Жду и надеюсь

22
18
20
22
24
26
28
30

— Да… — покашливает Сычужный, и в голосе его, обычно звучном и твердом, легкий звон сомнения, как у надорванной струны. Он до войны в бухгалтерской и тихой жизни своей много щелкал на счетах, командир партизанской разведки. Никогда не нравились ему черные разделительные костяшки, прорезающие белые ряды. Но то были костяшки заметные. Не кинул ли он ненароком черное к белому сейчас, не разобравшись в цвете?

Батя кладет ему руку на плечо:

— Не мучайся, не грызи себя, Иван.

— Нет у меня полного доверия.

— Это понятно. Я, Иван, до войны много на эти темы размышлял. Знаешь, что я тебе скажу: недоверие — чувство, как бы тебе сказать… общее, что ли. Не доверять легче, тут ты людей сразу целой ярмаркой меряешь. Соседа, жену, сына, начальника, подчиненного… или там целую компанию: взял да и записал их в подозрительные. И. сразу сам высоко стал. И чувство видное, для показа интересное. В зачет опять-таки идет. С не-доверием даже дурень будет умным казаться, потому что для этого большого ума не надо, а для доверия нужна голова и чтоб там, в середке, не сто пудов дыму, а кое-что серьезное, ’потому что доверие идет к каждому человеку, а не к ярмарке, не к скопу, и, значит, каждого человека ты должен знать, душу понимать, для этого же работать надо так, что голова потеет. А, Иван?

— Так-то оно так, — бормочет Сычужный.

И как оно легко получается у Бати Парфеника — доброты не боится. Сычужный всегда опасался этого дурного свойства в себе и тщательно рылся в его корнях, чтоб истребить твердой рукой, как бодяк в огороде. Вот и в газетах, даже в тихое, мирное время, помнил Сычужный, всегда ругали ротозеев, тех, кто недоглядел, чужие слова на веру принял, чужой слезой позволил обжечься. А что к ротозейству приводит? Если разобраться: доброта, жалость, неклассовые, пустые понятия.
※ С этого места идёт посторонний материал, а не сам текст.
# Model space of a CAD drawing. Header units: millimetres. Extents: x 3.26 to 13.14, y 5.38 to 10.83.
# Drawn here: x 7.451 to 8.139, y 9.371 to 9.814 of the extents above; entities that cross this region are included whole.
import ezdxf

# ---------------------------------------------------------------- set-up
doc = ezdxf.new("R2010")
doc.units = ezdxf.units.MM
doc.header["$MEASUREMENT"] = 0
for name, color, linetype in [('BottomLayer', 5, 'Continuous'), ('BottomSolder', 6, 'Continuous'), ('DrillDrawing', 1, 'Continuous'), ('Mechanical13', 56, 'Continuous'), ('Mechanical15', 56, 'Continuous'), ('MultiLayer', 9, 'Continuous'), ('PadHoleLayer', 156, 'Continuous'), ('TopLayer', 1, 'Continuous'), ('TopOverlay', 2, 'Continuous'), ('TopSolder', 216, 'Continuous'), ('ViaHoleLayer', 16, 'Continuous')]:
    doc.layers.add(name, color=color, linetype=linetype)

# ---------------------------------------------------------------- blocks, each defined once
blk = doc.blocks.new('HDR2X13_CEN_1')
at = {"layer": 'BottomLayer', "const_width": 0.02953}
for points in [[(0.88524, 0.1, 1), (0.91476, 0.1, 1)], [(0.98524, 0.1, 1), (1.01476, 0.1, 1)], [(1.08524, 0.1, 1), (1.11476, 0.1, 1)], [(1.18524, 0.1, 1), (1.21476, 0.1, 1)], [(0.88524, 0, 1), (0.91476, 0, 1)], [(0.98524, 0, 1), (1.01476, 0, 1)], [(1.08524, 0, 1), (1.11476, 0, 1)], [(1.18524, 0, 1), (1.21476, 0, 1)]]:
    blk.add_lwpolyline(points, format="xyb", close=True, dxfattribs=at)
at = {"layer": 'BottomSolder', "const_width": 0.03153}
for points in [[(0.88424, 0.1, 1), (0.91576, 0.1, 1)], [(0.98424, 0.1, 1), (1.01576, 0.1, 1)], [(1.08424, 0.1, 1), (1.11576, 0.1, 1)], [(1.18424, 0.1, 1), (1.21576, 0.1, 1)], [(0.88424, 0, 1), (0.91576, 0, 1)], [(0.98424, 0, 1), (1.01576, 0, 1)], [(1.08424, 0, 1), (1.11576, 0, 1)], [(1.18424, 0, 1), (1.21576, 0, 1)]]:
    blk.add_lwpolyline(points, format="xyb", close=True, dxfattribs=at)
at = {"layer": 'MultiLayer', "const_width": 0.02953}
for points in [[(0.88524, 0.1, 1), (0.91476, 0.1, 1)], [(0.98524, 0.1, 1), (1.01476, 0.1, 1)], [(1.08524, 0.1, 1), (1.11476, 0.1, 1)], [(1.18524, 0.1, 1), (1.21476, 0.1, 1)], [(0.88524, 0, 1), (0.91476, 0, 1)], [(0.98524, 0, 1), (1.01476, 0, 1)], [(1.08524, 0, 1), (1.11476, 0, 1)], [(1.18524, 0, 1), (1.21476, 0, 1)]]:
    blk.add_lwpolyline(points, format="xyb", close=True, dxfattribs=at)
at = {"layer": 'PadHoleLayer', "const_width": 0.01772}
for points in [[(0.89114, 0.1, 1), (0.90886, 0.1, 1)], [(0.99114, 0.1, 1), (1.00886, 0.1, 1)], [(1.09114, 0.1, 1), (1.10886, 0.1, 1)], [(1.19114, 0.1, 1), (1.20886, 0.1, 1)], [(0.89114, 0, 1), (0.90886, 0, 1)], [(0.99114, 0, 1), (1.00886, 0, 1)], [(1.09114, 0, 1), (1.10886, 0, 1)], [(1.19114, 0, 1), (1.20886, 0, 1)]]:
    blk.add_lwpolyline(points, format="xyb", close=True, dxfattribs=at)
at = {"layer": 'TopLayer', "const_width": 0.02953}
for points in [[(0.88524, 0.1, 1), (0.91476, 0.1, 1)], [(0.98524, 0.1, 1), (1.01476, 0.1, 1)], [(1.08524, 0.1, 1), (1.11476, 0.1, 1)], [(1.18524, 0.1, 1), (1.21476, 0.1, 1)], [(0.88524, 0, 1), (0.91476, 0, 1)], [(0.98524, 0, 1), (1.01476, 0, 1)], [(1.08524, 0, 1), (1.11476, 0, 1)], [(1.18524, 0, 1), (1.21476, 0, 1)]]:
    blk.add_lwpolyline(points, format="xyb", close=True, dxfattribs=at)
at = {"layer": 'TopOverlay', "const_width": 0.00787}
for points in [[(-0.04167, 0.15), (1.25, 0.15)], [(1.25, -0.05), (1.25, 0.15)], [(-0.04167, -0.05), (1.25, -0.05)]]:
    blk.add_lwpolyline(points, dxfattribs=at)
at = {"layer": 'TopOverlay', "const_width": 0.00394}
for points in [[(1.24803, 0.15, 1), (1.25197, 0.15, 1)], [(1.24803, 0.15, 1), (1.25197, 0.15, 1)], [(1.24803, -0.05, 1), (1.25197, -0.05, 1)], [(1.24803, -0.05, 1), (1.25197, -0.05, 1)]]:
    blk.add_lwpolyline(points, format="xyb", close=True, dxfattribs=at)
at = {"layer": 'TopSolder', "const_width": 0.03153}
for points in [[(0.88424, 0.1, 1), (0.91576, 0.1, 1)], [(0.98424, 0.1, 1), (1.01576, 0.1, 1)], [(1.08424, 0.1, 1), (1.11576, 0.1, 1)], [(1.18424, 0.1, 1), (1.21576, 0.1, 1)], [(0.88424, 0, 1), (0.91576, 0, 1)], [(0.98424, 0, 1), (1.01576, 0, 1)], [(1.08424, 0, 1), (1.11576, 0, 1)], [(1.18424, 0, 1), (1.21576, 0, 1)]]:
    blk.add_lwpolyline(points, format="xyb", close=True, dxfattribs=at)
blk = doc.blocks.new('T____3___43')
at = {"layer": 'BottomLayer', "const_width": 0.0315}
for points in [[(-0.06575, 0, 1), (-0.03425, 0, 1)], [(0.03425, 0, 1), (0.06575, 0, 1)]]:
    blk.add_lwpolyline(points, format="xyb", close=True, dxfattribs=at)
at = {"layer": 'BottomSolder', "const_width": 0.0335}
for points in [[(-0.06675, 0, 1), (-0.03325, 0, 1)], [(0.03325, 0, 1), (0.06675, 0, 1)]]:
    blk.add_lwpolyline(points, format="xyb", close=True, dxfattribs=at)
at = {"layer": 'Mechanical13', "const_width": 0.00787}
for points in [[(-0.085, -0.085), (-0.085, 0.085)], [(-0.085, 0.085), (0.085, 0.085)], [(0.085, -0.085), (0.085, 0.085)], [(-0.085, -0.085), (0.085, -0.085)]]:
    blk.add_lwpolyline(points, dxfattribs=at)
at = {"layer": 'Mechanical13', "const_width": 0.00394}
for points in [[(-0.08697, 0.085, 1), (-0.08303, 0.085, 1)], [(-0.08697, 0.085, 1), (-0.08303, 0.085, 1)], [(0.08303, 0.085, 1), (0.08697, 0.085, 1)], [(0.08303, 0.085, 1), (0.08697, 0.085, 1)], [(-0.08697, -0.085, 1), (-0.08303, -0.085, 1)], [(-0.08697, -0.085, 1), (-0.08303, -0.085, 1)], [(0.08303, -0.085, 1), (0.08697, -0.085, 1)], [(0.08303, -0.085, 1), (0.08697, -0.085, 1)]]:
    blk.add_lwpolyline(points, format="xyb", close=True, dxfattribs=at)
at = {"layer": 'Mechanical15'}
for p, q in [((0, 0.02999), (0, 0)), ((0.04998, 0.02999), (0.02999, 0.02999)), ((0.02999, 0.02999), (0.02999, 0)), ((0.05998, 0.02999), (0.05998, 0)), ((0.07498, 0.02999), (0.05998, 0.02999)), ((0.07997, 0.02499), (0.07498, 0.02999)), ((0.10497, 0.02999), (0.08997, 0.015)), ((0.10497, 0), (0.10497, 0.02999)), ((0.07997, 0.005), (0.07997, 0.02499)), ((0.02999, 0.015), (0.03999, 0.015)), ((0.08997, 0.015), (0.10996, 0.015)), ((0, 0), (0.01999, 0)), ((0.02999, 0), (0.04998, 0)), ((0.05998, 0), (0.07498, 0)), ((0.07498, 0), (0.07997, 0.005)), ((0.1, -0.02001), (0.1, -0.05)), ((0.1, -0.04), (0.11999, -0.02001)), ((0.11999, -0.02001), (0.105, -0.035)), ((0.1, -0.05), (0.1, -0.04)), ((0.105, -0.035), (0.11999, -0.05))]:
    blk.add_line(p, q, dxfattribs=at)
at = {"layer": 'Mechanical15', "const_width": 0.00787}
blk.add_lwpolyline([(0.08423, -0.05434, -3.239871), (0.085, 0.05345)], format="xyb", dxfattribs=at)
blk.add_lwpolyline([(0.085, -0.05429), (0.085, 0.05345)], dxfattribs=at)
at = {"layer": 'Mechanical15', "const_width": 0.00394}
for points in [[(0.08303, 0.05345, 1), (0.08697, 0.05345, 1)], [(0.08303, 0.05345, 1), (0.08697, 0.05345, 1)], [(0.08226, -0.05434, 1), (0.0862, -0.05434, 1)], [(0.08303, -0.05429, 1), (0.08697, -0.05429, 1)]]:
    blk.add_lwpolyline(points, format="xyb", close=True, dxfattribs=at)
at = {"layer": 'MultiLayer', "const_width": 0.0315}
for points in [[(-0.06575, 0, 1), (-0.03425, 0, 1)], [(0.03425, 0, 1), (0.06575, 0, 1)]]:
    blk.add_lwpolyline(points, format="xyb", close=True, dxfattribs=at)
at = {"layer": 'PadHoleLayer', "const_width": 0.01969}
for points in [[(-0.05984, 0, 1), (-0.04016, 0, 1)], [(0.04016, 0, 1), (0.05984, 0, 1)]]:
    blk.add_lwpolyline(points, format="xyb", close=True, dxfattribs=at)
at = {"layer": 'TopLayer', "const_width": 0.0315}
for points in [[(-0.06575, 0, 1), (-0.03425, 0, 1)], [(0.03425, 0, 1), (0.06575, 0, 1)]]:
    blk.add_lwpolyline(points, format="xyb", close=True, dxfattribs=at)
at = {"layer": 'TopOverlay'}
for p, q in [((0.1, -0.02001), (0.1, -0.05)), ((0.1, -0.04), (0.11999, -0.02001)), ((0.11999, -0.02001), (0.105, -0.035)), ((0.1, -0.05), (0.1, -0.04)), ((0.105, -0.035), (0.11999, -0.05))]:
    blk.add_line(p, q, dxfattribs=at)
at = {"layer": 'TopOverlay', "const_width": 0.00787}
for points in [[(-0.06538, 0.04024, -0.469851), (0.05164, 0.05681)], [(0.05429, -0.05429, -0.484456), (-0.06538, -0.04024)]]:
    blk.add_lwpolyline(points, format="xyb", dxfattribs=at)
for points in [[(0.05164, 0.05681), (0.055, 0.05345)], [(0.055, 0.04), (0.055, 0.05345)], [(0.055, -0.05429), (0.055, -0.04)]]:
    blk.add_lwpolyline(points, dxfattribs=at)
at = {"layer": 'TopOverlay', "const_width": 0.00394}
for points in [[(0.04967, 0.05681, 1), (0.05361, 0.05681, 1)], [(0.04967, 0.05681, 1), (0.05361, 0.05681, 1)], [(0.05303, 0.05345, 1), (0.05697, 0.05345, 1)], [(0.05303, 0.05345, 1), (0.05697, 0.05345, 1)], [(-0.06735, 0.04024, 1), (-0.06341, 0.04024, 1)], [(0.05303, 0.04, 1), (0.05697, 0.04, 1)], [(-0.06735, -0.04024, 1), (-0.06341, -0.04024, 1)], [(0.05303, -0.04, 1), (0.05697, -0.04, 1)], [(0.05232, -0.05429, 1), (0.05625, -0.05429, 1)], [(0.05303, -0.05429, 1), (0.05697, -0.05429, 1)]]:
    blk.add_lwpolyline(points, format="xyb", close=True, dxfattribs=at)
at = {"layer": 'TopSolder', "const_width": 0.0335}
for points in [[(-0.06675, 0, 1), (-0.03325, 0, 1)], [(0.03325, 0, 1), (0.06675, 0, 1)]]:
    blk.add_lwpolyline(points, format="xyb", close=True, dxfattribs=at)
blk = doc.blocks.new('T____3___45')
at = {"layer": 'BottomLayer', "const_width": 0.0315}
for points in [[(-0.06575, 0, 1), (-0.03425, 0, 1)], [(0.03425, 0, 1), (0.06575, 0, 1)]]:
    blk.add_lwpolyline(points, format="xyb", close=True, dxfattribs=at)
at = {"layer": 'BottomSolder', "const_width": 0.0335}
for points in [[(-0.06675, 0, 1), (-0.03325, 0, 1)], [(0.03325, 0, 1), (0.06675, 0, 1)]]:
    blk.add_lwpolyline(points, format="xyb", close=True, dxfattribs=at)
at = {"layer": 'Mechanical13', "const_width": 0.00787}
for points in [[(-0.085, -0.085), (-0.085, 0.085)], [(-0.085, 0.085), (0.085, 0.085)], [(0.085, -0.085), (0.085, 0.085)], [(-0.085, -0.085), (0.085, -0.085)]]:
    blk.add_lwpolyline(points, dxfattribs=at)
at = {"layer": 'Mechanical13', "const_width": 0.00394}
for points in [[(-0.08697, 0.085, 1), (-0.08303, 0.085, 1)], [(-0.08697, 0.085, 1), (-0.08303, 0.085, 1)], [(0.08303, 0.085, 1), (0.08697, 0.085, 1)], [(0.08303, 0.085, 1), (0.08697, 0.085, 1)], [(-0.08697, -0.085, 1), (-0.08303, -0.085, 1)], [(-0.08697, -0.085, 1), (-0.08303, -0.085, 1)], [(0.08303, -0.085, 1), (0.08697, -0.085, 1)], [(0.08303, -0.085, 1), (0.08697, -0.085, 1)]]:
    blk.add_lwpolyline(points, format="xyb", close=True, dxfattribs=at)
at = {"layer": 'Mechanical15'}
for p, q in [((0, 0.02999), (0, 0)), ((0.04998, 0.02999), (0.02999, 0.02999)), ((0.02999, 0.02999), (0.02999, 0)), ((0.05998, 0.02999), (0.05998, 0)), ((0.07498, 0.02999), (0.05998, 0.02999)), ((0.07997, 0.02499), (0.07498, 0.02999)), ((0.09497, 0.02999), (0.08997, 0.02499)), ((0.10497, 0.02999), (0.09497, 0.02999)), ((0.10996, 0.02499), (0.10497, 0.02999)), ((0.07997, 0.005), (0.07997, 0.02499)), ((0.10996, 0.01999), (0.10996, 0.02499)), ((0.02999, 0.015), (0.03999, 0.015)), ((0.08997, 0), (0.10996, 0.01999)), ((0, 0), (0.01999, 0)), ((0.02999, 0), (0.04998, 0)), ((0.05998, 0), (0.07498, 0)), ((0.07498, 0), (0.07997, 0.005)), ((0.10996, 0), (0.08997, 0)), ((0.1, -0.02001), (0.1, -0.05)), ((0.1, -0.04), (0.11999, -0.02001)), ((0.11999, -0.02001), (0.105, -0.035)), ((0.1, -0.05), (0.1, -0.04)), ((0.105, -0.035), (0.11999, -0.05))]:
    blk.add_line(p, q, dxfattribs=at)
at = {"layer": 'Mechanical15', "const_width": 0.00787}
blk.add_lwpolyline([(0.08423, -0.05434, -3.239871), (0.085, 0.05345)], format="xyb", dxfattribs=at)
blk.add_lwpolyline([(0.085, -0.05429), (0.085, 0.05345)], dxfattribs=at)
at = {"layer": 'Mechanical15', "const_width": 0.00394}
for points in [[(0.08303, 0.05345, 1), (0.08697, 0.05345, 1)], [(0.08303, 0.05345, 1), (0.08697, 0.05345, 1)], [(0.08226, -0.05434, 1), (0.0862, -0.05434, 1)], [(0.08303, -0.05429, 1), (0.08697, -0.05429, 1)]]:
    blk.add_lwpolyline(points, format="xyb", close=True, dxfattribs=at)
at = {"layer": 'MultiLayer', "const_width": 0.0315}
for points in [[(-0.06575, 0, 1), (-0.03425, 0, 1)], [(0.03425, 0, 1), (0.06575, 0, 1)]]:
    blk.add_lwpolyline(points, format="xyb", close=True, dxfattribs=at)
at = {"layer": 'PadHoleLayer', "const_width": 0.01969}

А вот Батя и пожалеть не боится. В отряде много таких, кто не прямым путем вышел к партизанам, а проплутав по вдовьим домам, чужим хуторам в поисках тихого угла, выхода из боя. Бывало, и полицаям Батя грех прощал, только приказывал выдрать, по народному обычаю. Но, было такое, и смертный приговор подписывал без дрожи в пальцах, и закорючка у него не расплывалась. Свой дебет с кредитом у Бати, своя бухгалтерия по части человеческих душ, и понять ее Сычужный старался, но не мог. Батя, случилось, свояка отправил к боженьке на полный разбор дела. Трудный случай был со свояком. Взяли его при атаке села, и был свояк Батин с полицейской повязкой и с карабином, но клялся и божился, что к немцам служить его силком завели и старался он, мол, об одном только: чтоб при первой встрече с партизанами удрать. Вызвал Батя свидетелей, дотошно расспросил, разузнал подноготную и сказал свояку, белому, как чищеная редька: «Что в полицаи заставили пойти — это может быть. Воля, она и недоброй бывает, как мачеха. И стрелять можно по злой чужой воле — верю. Но что ты в моих хлопцев стрелял прицельно, мушку в небо не задирал — вот тут ты волю свою, кум-своячок, сам и сотворил, сам за нее и ответишь». И подписал путевку Батя в невозвратный мир без колебания, не слыша плача и стенаний.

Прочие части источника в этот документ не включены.